James 2:24, “You see then how that by works a man is justified, and not by faith only.” That is incorrect. It looks, the way it is translated in most versions, as though man is justified by works (one kind of justification) and not by faith only. In other words, it is faith plus works. The “only” there in the English translation modifies the noun faith. So it makes it look as though it is not only by faith but it is by faith plus works. The real problem here is a bad translation. The word that is translated “only” is the Greek word MONON [monon] which means “one,” but it is an adverb. An adverb modifies a verb, but “only” in the way that this sentence is translated an adverb, it has an “ly” in it, but it is modifying a noun. That isn’t right; an adjective modifies a noun. So this is misplaced and what we should have is a verb that it modifies. But the verb here is “justified.” The way James has written here he has left the verb out of the second clause. It should read, if you put everything in, “You see, then, that a man is justified by works and not justified only by faith.” The “only” shouldn’t modify “faith,” is should modify the verb that is not there.

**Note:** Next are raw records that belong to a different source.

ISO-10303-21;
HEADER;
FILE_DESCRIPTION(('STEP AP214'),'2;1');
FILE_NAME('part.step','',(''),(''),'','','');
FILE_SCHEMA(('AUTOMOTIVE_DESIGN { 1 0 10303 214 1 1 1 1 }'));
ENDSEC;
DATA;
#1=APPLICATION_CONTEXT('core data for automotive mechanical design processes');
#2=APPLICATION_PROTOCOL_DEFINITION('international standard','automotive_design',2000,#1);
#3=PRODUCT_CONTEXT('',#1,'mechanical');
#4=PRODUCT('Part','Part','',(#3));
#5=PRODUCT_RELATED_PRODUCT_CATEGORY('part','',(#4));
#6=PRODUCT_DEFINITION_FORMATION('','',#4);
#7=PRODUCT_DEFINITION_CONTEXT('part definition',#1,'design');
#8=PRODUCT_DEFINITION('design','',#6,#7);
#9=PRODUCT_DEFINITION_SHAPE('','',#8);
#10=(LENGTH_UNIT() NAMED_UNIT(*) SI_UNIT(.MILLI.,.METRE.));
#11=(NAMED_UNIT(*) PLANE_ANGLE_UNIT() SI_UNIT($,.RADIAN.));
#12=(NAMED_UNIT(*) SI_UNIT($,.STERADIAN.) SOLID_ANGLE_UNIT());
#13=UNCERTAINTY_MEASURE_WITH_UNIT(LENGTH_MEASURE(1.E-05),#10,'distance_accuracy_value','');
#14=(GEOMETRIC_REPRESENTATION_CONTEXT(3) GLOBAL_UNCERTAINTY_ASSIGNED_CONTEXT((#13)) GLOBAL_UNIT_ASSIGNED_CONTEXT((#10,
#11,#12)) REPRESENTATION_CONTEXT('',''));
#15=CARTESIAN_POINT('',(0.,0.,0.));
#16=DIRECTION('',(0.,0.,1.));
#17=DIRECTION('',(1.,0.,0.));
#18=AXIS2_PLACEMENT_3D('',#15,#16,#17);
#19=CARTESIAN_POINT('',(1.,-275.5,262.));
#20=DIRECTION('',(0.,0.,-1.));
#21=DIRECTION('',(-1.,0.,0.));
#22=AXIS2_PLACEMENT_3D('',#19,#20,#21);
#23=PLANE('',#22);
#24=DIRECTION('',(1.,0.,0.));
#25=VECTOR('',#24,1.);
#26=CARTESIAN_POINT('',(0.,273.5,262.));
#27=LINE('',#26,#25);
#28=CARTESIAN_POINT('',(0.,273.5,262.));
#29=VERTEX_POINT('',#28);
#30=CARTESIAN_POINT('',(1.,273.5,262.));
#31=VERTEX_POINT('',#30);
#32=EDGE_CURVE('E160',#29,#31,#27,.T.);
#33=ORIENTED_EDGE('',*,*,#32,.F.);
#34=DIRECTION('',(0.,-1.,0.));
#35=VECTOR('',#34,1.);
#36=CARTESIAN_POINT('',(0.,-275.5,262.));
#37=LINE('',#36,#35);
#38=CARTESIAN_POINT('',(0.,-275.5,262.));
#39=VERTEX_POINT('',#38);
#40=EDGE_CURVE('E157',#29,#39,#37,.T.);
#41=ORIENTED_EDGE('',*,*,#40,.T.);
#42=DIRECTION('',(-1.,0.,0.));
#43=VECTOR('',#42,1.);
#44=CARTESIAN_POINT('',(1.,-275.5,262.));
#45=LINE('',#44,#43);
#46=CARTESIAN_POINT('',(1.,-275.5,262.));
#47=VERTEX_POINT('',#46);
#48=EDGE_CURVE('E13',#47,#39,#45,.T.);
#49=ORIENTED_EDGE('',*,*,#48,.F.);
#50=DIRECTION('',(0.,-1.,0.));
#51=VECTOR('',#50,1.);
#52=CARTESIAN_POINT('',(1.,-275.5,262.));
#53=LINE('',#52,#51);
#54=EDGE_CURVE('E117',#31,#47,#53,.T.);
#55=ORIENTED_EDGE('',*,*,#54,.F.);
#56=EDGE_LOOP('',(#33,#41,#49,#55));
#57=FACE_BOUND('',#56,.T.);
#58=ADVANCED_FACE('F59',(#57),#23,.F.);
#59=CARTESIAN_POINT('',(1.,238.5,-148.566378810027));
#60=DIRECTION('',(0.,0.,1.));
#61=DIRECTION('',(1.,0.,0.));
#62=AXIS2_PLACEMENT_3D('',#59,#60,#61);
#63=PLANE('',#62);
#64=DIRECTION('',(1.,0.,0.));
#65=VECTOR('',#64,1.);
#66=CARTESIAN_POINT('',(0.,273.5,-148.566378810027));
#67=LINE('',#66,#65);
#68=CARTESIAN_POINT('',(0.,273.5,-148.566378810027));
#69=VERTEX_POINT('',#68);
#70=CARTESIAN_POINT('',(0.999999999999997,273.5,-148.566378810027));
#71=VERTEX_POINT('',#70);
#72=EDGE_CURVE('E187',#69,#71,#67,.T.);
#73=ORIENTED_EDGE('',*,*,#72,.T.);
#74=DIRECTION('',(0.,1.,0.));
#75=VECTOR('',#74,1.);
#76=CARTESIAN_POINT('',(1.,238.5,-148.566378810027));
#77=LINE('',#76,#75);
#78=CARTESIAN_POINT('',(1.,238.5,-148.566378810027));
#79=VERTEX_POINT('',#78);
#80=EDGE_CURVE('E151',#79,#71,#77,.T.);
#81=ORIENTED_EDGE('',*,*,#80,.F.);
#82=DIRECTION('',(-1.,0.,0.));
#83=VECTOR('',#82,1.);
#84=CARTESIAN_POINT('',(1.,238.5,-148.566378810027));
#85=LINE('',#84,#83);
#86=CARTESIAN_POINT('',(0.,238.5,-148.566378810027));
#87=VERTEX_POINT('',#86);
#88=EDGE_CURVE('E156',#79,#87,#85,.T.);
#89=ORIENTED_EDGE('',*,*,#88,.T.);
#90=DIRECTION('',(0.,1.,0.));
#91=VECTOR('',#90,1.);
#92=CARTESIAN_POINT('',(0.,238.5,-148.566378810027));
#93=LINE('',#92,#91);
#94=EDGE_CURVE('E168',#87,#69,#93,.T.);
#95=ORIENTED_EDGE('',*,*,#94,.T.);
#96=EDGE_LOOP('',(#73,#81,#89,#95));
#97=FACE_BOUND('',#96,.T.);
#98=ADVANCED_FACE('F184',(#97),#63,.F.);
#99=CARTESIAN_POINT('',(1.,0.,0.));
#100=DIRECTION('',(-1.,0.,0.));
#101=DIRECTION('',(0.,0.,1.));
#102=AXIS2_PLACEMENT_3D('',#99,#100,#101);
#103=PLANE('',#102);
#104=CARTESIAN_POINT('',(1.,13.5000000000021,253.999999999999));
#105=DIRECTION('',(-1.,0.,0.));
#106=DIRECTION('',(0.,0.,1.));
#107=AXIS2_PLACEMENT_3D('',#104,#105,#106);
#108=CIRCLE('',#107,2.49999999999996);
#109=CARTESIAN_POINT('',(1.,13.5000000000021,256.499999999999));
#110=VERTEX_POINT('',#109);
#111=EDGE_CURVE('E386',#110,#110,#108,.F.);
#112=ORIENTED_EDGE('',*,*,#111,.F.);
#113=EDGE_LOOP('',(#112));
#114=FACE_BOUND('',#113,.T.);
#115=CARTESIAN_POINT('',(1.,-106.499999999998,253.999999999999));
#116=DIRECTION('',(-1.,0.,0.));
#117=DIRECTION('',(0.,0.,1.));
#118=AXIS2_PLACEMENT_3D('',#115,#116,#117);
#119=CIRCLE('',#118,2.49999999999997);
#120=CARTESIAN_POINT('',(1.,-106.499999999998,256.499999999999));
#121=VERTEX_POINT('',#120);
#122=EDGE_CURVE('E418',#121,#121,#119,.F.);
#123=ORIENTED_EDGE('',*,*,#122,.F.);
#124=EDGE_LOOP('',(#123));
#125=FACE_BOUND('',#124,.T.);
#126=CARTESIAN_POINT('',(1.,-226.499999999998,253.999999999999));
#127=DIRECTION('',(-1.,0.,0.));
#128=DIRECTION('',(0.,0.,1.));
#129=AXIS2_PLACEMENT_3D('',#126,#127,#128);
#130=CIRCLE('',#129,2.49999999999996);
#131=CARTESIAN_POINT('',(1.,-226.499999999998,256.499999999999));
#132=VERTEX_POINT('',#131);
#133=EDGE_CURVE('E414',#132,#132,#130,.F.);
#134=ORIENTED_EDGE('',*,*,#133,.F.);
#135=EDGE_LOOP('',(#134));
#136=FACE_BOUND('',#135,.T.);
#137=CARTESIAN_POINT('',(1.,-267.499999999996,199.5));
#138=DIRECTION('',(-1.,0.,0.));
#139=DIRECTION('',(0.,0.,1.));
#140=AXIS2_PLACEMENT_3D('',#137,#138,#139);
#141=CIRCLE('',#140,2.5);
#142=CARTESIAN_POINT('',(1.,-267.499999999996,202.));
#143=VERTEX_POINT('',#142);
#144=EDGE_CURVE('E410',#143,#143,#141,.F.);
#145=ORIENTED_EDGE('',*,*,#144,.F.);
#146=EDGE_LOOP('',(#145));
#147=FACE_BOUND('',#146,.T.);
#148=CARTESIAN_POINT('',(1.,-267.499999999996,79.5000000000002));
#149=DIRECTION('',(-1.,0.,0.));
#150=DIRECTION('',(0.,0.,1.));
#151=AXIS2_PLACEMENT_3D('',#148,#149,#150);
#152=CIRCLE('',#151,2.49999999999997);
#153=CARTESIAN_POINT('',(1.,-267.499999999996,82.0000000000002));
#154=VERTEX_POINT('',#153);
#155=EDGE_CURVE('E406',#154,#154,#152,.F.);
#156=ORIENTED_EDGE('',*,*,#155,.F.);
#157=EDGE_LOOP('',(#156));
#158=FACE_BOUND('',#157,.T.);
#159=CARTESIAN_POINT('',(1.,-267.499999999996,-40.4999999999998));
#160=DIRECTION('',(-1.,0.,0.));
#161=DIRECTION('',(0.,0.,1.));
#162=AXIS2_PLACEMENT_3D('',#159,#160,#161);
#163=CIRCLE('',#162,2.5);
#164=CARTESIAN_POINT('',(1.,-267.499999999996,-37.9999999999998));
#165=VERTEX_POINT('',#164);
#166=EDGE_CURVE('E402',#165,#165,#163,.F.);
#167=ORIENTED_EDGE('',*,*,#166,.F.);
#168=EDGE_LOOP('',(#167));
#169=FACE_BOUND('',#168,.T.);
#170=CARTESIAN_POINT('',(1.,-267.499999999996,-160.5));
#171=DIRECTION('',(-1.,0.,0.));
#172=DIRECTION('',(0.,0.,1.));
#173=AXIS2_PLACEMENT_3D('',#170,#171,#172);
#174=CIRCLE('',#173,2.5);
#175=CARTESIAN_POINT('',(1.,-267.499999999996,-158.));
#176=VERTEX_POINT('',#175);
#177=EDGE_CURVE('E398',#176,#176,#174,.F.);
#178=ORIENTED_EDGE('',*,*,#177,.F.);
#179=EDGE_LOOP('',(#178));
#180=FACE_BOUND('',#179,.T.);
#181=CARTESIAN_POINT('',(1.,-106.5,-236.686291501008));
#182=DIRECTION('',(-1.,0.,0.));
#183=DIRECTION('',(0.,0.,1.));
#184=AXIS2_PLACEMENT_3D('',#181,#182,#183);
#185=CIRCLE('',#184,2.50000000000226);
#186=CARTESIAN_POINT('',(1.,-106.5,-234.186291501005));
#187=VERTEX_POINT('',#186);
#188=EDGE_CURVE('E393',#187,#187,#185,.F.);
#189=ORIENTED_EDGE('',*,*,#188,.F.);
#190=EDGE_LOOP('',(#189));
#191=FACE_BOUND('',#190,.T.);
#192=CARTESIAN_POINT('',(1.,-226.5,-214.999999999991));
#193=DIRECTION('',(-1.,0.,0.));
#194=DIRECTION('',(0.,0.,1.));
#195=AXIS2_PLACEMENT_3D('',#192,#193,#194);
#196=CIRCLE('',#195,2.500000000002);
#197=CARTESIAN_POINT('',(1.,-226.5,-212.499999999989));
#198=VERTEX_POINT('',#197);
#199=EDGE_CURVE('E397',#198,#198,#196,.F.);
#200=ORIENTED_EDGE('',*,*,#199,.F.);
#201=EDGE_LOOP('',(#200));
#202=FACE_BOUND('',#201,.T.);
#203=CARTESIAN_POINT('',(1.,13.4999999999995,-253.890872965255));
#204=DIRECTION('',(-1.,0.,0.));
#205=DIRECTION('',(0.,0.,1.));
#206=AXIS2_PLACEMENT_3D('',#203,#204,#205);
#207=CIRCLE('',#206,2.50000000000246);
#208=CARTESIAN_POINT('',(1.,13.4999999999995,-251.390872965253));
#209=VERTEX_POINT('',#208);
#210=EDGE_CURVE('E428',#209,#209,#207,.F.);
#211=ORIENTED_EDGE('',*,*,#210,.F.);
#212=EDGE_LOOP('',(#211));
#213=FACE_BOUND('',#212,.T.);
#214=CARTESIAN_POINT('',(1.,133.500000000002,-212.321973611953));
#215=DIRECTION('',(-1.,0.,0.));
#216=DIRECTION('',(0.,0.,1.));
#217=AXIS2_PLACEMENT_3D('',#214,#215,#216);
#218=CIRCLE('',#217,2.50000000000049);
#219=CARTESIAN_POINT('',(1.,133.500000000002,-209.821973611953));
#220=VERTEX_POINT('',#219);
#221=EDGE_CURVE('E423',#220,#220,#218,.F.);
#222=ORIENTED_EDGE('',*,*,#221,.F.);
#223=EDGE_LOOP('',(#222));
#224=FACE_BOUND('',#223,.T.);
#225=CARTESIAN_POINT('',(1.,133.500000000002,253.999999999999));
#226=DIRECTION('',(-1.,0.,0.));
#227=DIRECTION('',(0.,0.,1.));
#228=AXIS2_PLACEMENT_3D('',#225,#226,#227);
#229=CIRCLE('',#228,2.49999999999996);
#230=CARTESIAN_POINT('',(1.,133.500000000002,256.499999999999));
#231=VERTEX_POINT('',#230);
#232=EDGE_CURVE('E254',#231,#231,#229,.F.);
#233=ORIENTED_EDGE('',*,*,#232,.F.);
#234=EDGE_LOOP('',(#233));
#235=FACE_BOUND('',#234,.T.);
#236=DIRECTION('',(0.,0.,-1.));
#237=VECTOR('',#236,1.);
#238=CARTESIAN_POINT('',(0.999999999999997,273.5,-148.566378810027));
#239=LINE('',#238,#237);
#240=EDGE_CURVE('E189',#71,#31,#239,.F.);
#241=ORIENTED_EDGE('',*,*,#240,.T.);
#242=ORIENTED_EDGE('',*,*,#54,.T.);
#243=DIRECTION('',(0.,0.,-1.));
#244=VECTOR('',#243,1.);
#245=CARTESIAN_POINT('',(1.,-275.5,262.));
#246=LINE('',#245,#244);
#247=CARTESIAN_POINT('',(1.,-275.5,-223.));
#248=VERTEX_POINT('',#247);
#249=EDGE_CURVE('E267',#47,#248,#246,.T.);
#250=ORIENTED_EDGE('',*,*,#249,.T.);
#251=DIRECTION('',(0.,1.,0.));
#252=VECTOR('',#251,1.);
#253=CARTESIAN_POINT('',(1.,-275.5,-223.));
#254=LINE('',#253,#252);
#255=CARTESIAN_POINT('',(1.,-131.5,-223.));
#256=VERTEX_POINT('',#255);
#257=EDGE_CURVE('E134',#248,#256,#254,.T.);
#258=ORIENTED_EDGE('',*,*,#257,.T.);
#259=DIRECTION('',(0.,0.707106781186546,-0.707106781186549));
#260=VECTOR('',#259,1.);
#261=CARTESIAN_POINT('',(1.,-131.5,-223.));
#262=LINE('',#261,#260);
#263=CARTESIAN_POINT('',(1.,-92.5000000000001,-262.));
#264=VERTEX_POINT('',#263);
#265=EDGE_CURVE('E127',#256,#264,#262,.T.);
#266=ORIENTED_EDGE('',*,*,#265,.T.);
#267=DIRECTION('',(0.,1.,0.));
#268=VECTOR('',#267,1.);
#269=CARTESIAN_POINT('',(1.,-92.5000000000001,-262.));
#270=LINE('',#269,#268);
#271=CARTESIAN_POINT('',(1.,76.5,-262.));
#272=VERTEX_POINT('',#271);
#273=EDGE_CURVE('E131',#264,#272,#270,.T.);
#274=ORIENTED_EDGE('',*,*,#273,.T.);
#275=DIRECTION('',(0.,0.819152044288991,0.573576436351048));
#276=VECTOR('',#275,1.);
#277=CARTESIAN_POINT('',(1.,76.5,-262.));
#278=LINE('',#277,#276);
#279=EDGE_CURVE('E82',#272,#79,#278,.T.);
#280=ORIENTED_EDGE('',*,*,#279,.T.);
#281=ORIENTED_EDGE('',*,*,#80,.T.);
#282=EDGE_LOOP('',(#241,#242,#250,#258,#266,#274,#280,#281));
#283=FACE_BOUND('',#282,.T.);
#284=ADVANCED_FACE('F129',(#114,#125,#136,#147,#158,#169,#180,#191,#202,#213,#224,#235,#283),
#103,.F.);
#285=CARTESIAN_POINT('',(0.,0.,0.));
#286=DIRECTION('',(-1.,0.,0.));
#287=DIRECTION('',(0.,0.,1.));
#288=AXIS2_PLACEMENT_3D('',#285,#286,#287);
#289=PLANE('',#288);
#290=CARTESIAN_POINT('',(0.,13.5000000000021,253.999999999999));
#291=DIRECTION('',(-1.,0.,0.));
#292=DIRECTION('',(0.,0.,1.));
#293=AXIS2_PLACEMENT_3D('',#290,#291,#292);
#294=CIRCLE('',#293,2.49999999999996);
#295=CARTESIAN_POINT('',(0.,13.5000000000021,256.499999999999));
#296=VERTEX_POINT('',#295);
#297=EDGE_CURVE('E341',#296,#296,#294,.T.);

This indicates two different kinds of justification. Justification by faith is the primary justification. That is what gets the believer eternal life and a destiny in heaven. But the justification by works is the completion of the growth process, a vindication of everything the believer believes about God, all the doctrine he has learned, so that he is vindicated before man and the angels in the angelic conflict. This indicates that Abraham is spiritually mature.

 

How did Abraham get there? How did he get from point A to point Z? This is walking by faith, Hebrews chapter 11:17-19. That is the process and he did it through thirteen tests that he passed.